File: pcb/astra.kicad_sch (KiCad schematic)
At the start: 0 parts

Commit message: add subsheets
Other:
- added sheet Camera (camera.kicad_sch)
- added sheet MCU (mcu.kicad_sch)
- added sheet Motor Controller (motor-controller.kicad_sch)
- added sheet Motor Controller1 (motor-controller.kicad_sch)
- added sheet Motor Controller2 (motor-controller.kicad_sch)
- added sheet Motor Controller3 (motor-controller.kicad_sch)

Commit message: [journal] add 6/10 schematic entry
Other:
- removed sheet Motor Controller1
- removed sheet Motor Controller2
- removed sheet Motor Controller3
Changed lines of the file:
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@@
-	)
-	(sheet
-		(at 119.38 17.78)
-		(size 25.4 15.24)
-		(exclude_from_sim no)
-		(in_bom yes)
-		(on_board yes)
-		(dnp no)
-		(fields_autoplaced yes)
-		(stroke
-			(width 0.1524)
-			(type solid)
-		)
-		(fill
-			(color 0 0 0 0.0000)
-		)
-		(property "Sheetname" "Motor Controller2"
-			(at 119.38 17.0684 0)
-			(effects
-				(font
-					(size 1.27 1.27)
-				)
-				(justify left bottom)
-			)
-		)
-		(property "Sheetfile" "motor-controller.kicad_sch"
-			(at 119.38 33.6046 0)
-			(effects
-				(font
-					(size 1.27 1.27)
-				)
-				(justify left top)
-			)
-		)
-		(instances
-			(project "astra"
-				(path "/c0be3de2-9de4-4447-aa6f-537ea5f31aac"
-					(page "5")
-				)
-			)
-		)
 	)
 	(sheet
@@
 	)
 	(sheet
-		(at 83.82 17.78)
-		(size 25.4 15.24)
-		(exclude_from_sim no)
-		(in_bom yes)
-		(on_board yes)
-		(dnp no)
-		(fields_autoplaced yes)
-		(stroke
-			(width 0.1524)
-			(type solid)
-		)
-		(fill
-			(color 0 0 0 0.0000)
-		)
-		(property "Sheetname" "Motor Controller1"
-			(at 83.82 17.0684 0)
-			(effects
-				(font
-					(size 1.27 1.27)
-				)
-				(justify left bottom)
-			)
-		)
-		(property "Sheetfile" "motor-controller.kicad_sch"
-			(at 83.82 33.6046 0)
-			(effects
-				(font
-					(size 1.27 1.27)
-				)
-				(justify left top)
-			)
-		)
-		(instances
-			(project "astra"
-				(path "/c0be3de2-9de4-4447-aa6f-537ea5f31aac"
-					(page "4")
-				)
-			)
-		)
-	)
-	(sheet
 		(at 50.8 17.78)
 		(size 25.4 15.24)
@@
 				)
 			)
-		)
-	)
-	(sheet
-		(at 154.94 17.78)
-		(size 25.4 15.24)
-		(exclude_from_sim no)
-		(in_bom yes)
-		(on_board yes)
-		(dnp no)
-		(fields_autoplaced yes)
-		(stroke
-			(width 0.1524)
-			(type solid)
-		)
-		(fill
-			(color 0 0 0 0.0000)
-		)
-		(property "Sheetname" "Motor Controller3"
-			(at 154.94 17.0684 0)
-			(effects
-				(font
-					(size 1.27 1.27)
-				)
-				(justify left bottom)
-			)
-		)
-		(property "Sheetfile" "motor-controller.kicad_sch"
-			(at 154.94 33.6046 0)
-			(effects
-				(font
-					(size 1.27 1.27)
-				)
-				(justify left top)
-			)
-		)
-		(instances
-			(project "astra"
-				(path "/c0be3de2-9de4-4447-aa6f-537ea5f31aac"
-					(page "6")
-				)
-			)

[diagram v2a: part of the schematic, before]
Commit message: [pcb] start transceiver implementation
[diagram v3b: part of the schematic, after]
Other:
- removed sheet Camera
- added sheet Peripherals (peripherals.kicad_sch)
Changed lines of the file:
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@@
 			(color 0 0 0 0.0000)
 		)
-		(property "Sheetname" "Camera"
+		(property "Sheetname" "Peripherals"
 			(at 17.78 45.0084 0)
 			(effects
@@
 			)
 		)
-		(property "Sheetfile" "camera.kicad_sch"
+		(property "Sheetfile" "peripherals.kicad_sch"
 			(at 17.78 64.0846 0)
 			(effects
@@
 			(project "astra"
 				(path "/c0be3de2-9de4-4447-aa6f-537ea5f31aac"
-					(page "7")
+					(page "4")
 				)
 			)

**Exercise directions**
The records must each be output verbatim, with nothing left out.

**Answer section**
File: pcb/astra.kicad_sch (KiCad schematic)
At the start: 0 parts

Commit message: add subsheets
Other:
- added sheet Camera (camera.kicad_sch)
- added sheet MCU (mcu.kicad_sch)
- added sheet Motor Controller (motor-controller.kicad_sch)
- added sheet Motor Controller1 (motor-controller.kicad_sch)
- added sheet Motor Controller2 (motor-controller.kicad_sch)
- added sheet Motor Controller3 (motor-controller.kicad_sch)

Commit message: [journal] add 6/10 schematic entry
Other:
- removed sheet Motor Controller1
- removed sheet Motor Controller2
- removed sheet Motor Controller3
Changed lines of the file:
@@
-	)
-	(sheet
-		(at 119.38 17.78)
-		(size 25.4 15.24)
-		(exclude_from_sim no)
-		(in_bom yes)
-		(on_board yes)
-		(dnp no)
-		(fields_autoplaced yes)
-		(stroke
-			(width 0.1524)
-			(type solid)
-		)
-		(fill
-			(color 0 0 0 0.0000)
-		)
-		(property "Sheetname" "Motor Controller2"
-			(at 119.38 17.0684 0)
-			(effects
-				(font
-					(size 1.27 1.27)
-				)
-				(justify left bottom)
-			)
-		)
-		(property "Sheetfile" "motor-controller.kicad_sch"
-			(at 119.38 33.6046 0)
-			(effects
-				(font
-					(size 1.27 1.27)
-				)
-				(justify left top)
-			)
-		)
-		(instances
-			(project "astra"
-				(path "/c0be3de2-9de4-4447-aa6f-537ea5f31aac"
-					(page "5")
-				)
-			)
-		)
 	)
 	(sheet
@@
 	)
 	(sheet
-		(at 83.82 17.78)
-		(size 25.4 15.24)
-		(exclude_from_sim no)
-		(in_bom yes)
-		(on_board yes)
-		(dnp no)
-		(fields_autoplaced yes)
-		(stroke
-			(width 0.1524)
-			(type solid)
-		)
-		(fill
-			(color 0 0 0 0.0000)
-		)
-		(property "Sheetname" "Motor Controller1"
-			(at 83.82 17.0684 0)
-			(effects
-				(font
-					(size 1.27 1.27)
-				)
-				(justify left bottom)
-			)
-		)
-		(property "Sheetfile" "motor-controller.kicad_sch"
-			(at 83.82 33.6046 0)
-			(effects
-				(font
-					(size 1.27 1.27)
-				)
-				(justify left top)
-			)
-		)
-		(instances
-			(project "astra"
-				(path "/c0be3de2-9de4-4447-aa6f-537ea5f31aac"
-					(page "4")
-				)
-			)
-		)
-	)
-	(sheet
 		(at 50.8 17.78)
 		(size 25.4 15.24)
@@
 				)
 			)
-		)
-	)
-	(sheet
-		(at 154.94 17.78)
-		(size 25.4 15.24)
-		(exclude_from_sim no)
-		(in_bom yes)
-		(on_board yes)
-		(dnp no)
-		(fields_autoplaced yes)
-		(stroke
-			(width 0.1524)
-			(type solid)
-		)
-		(fill
-			(color 0 0 0 0.0000)
-		)
-		(property "Sheetname" "Motor Controller3"
-			(at 154.94 17.0684 0)
-			(effects
-				(font
-					(size 1.27 1.27)
-				)
-				(justify left bottom)
-			)
-		)
-		(property "Sheetfile" "motor-controller.kicad_sch"
-			(at 154.94 33.6046 0)
-			(effects
-				(font
-					(size 1.27 1.27)
-				)
-				(justify left top)
-			)
-		)
-		(instances
-			(project "astra"
-				(path "/c0be3de2-9de4-4447-aa6f-537ea5f31aac"
-					(page "6")
-				)
-			)

[diagram v2a: part of the schematic, before]
Commit message: [pcb] start transceiver implementation
[diagram v3b: part of the schematic, after]
Other:
- removed sheet Camera
- added sheet Peripherals (peripherals.kicad_sch)
Changed lines of the file:
@@
 			(color 0 0 0 0.0000)
 		)
-		(property "Sheetname" "Camera"
+		(property "Sheetname" "Peripherals"
 			(at 17.78 45.0084 0)
 			(effects
@@
 			)
 		)
-		(property "Sheetfile" "camera.kicad_sch"
+		(property "Sheetfile" "peripherals.kicad_sch"
 			(at 17.78 64.0846 0)
 			(effects
@@
 			(project "astra"
 				(path "/c0be3de2-9de4-4447-aa6f-537ea5f31aac"
-					(page "7")
+					(page "4")
 				)
 			)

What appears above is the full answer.